• Work instruction
Please return only the lines from the one holding "#29=VERTEX_POINT('',#28);" through the one holding "#77=VECTOR('',#76,1.);", exactly as they appear in the records below, both ends included.

• Dataset entries
[Start of section]
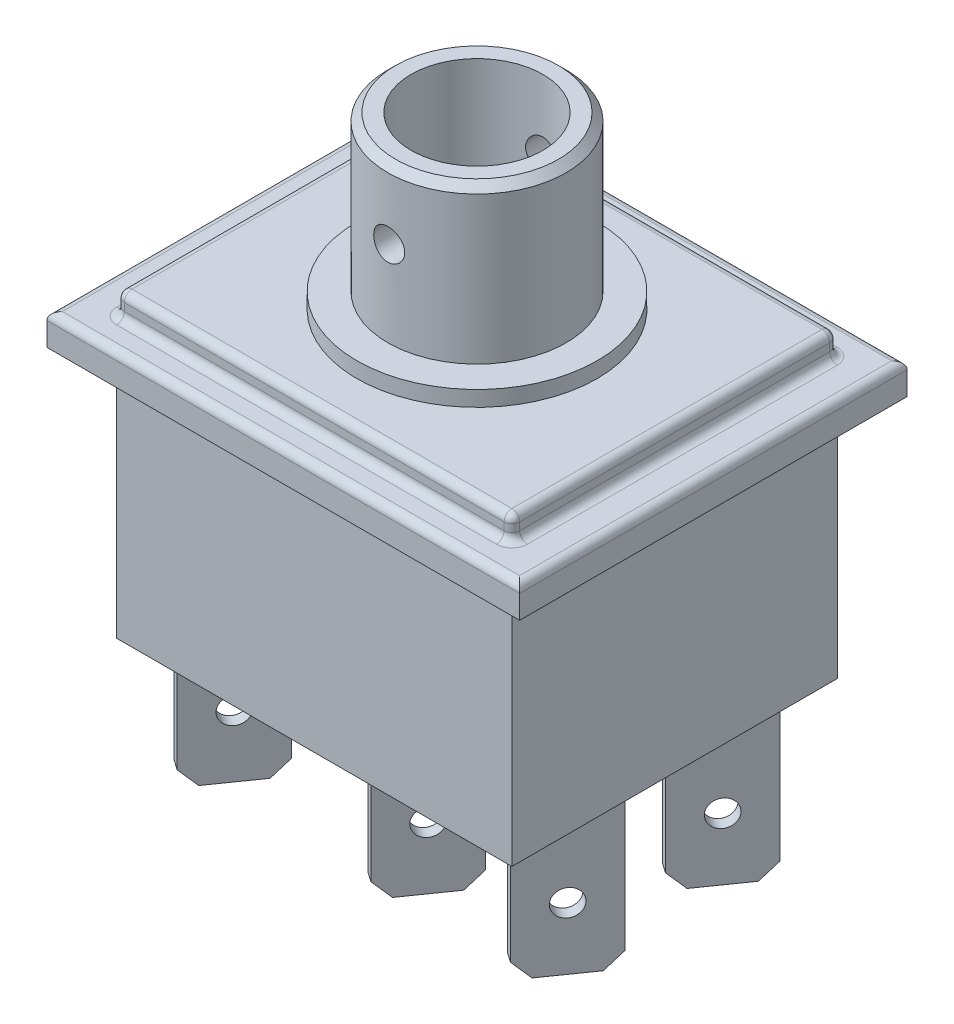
ISO-10303-21;
HEADER;
FILE_DESCRIPTION(('STEP AP214'),'2;1');
FILE_NAME('part.step','',(''),(''),'','','');
FILE_SCHEMA(('AUTOMOTIVE_DESIGN { 1 0 10303 214 1 1 1 1 }'));
ENDSEC;
DATA;
#1=APPLICATION_CONTEXT('core data for automotive mechanical design processes');
#2=APPLICATION_PROTOCOL_DEFINITION('international standard','automotive_design',2000,#1);
#3=PRODUCT_CONTEXT('',#1,'mechanical');
#4=PRODUCT('Part','Part','',(#3));
#5=PRODUCT_RELATED_PRODUCT_CATEGORY('part','',(#4));
#6=PRODUCT_DEFINITION_FORMATION('','',#4);
#7=PRODUCT_DEFINITION_CONTEXT('part definition',#1,'design');
#8=PRODUCT_DEFINITION('design','',#6,#7);
#9=PRODUCT_DEFINITION_SHAPE('','',#8);
#10=(LENGTH_UNIT() NAMED_UNIT(*) SI_UNIT(.MILLI.,.METRE.));
#11=(NAMED_UNIT(*) PLANE_ANGLE_UNIT() SI_UNIT($,.RADIAN.));
#12=(NAMED_UNIT(*) SI_UNIT($,.STERADIAN.) SOLID_ANGLE_UNIT());
#13=UNCERTAINTY_MEASURE_WITH_UNIT(LENGTH_MEASURE(1.E-05),#10,'distance_accuracy_value','');
#14=(GEOMETRIC_REPRESENTATION_CONTEXT(3) GLOBAL_UNCERTAINTY_ASSIGNED_CONTEXT((#13)) GLOBAL_UNIT_ASSIGNED_CONTEXT((#10,
#11,#12)) REPRESENTATION_CONTEXT('',''));
#15=CARTESIAN_POINT('',(0.,0.,0.));
#16=DIRECTION('',(0.,0.,1.));
#17=DIRECTION('',(1.,0.,0.));
#18=AXIS2_PLACEMENT_3D('',#15,#16,#17);
#19=CARTESIAN_POINT('',(12.75,-19.5,12.5));
#20=DIRECTION('',(0.,1.,0.));
#21=DIRECTION('',(-1.,0.,0.));
#22=AXIS2_PLACEMENT_3D('',#19,#20,#21);
#23=PLANE('',#22);
#24=DIRECTION('',(0.819152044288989,0.,0.57357643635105));
#25=VECTOR('',#24,1.);
#26=CARTESIAN_POINT('',(-8.90236162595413,-19.5,3.05867765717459));
#27=LINE('',#26,#25);
#28=CARTESIAN_POINT('',(-9.55768326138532,-19.5,2.59981650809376));
#29=VERTEX_POINT('',#28);
#30=CARTESIAN_POINT('',(-8.90236162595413,-19.5,3.05867765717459));
#31=VERTEX_POINT('',#30);
#32=EDGE_CURVE('E491',#29,#31,#27,.T.);
#33=ORIENTED_EDGE('',*,*,#32,.F.);
#34=DIRECTION('',(0.57357643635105,0.,-0.819152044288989));
#35=VECTOR('',#34,1.);
#36=CARTESIAN_POINT('',(-9.55768326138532,-19.5,2.59981650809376));
#37=LINE('',#36,#35);
#38=CARTESIAN_POINT('',(-12.5976383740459,-19.5,6.94132234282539));
#39=VERTEX_POINT('',#38);
#40=EDGE_CURVE('E438',#39,#29,#37,.T.);
#41=ORIENTED_EDGE('',*,*,#40,.F.);
#42=DIRECTION('',(-0.819152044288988,0.,-0.573576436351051));
#43=VECTOR('',#42,1.);
#44=CARTESIAN_POINT('',(-12.5976383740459,-19.5,6.9413223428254));
#45=LINE('',#44,#43);
#46=CARTESIAN_POINT('',(-11.9423167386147,-19.5,7.40018349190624));
#47=VERTEX_POINT('',#46);
#48=EDGE_CURVE('E471',#47,#39,#45,.T.);
#49=ORIENTED_EDGE('',*,*,#48,.F.);
#50=DIRECTION('',(-0.57357643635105,0.,0.819152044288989));
#51=VECTOR('',#50,1.);
#52=CARTESIAN_POINT('',(-11.9423167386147,-19.5,7.40018349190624));
#53=LINE('',#52,#51);
#54=EDGE_CURVE('E482',#31,#47,#53,.T.);
#55=ORIENTED_EDGE('',*,*,#54,.F.);
#56=EDGE_LOOP('',(#33,#41,#49,#55));
#57=FACE_BOUND('',#56,.T.);
#58=DIRECTION('',(0.57357643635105,0.,-0.819152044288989));
#59=VECTOR('',#58,1.);
#60=CARTESIAN_POINT('',(2.94231673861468,-19.5,2.59981650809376));
#61=LINE('',#60,#59);
#62=CARTESIAN_POINT('',(-0.0976383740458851,-19.5,6.9413223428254));
#63=VERTEX_POINT('',#62);
#64=CARTESIAN_POINT('',(2.94231673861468,-19.5,2.59981650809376));
#65=VERTEX_POINT('',#64);
#66=EDGE_CURVE('E570',#63,#65,#61,.T.);
#67=ORIENTED_EDGE('',*,*,#66,.F.);
#68=DIRECTION('',(-0.819152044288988,0.,-0.573576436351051));
#69=VECTOR('',#68,1.);
#70=CARTESIAN_POINT('',(-0.0976383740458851,-19.5,6.9413223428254));
#71=LINE('',#70,#69);
#72=CARTESIAN_POINT('',(0.557683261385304,-19.5,7.40018349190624));
#73=VERTEX_POINT('',#72);
#74=EDGE_CURVE('E579',#73,#63,#71,.T.);
#75=ORIENTED_EDGE('',*,*,#74,.F.);
#76=DIRECTION('',(-0.57357643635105,0.,0.819152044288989));
#77=VECTOR('',#76,1.);
#78=CARTESIAN_POINT('',(0.557683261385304,-19.5,7.40018349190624));
#79=LINE('',#78,#77);
#80=CARTESIAN_POINT('',(3.59763837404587,-19.5,3.05867765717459));
#81=VERTEX_POINT('',#80);
#82=EDGE_CURVE('E526',#81,#73,#79,.T.);
#83=ORIENTED_EDGE('',*,*,#82,.F.);
#84=DIRECTION('',(0.819152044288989,0.,0.57357643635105));
#85=VECTOR('',#84,1.);
#86=CARTESIAN_POINT('',(3.59763837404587,-19.5,3.05867765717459));
#87=LINE('',#86,#85);
#88=EDGE_CURVE('E576',#65,#81,#87,.T.);
#89=ORIENTED_EDGE('',*,*,#88,.F.);
#90=EDGE_LOOP('',(#67,#75,#83,#89));
#91=FACE_BOUND('',#90,.T.);
#92=DIRECTION('',(-0.819152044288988,0.,-0.573576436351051));
#93=VECTOR('',#92,1.);
#94=CARTESIAN_POINT('',(8.90236162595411,-19.5,6.9413223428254));
#95=LINE('',#94,#93);
#96=CARTESIAN_POINT('',(9.5576832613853,-19.5,7.40018349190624));
#97=VERTEX_POINT('',#96);
#98=CARTESIAN_POINT('',(8.90236162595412,-19.5,6.9413223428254));
#99=VERTEX_POINT('',#98);
#100=EDGE_CURVE('E644',#97,#99,#95,.T.);
#101=ORIENTED_EDGE('',*,*,#100,.F.);
#102=DIRECTION('',(-0.57357643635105,0.,0.819152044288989));
#103=VECTOR('',#102,1.);
#104=CARTESIAN_POINT('',(9.5576832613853,-19.5,7.40018349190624));
#105=LINE('',#104,#103);
#106=CARTESIAN_POINT('',(12.5976383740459,-19.5,3.05867765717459));
#107=VERTEX_POINT('',#106);
#108=EDGE_CURVE('E653',#107,#97,#105,.T.);
#109=ORIENTED_EDGE('',*,*,#108,.F.);
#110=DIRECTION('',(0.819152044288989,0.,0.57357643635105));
[End of section]
• Response area
#29=VERTEX_POINT('',#28);
#30=CARTESIAN_POINT('',(-8.90236162595413,-19.5,3.05867765717459));
#31=VERTEX_POINT('',#30);
#32=EDGE_CURVE('E491',#29,#31,#27,.T.);
#33=ORIENTED_EDGE('',*,*,#32,.F.);
#34=DIRECTION('',(0.57357643635105,0.,-0.819152044288989));
#35=VECTOR('',#34,1.);
#36=CARTESIAN_POINT('',(-9.55768326138532,-19.5,2.59981650809376));
#37=LINE('',#36,#35);
#38=CARTESIAN_POINT('',(-12.5976383740459,-19.5,6.94132234282539));
#39=VERTEX_POINT('',#38);
#40=EDGE_CURVE('E438',#39,#29,#37,.T.);
#41=ORIENTED_EDGE('',*,*,#40,.F.);
#42=DIRECTION('',(-0.819152044288988,0.,-0.573576436351051));
#43=VECTOR('',#42,1.);
#44=CARTESIAN_POINT('',(-12.5976383740459,-19.5,6.9413223428254));
#45=LINE('',#44,#43);
#46=CARTESIAN_POINT('',(-11.9423167386147,-19.5,7.40018349190624));
#47=VERTEX_POINT('',#46);
#48=EDGE_CURVE('E471',#47,#39,#45,.T.);
#49=ORIENTED_EDGE('',*,*,#48,.F.);
#50=DIRECTION('',(-0.57357643635105,0.,0.819152044288989));
#51=VECTOR('',#50,1.);
#52=CARTESIAN_POINT('',(-11.9423167386147,-19.5,7.40018349190624));
#53=LINE('',#52,#51);
#54=EDGE_CURVE('E482',#31,#47,#53,.T.);
#55=ORIENTED_EDGE('',*,*,#54,.F.);
#56=EDGE_LOOP('',(#33,#41,#49,#55));
#57=FACE_BOUND('',#56,.T.);
#58=DIRECTION('',(0.57357643635105,0.,-0.819152044288989));
#59=VECTOR('',#58,1.);
#60=CARTESIAN_POINT('',(2.94231673861468,-19.5,2.59981650809376));
#61=LINE('',#60,#59);
#62=CARTESIAN_POINT('',(-0.0976383740458851,-19.5,6.9413223428254));
#63=VERTEX_POINT('',#62);
#64=CARTESIAN_POINT('',(2.94231673861468,-19.5,2.59981650809376));
#65=VERTEX_POINT('',#64);
#66=EDGE_CURVE('E570',#63,#65,#61,.T.);
#67=ORIENTED_EDGE('',*,*,#66,.F.);
#68=DIRECTION('',(-0.819152044288988,0.,-0.573576436351051));
#69=VECTOR('',#68,1.);
#70=CARTESIAN_POINT('',(-0.0976383740458851,-19.5,6.9413223428254));
#71=LINE('',#70,#69);
#72=CARTESIAN_POINT('',(0.557683261385304,-19.5,7.40018349190624));
#73=VERTEX_POINT('',#72);
#74=EDGE_CURVE('E579',#73,#63,#71,.T.);
#75=ORIENTED_EDGE('',*,*,#74,.F.);
#76=DIRECTION('',(-0.57357643635105,0.,0.819152044288989));
#77=VECTOR('',#76,1.);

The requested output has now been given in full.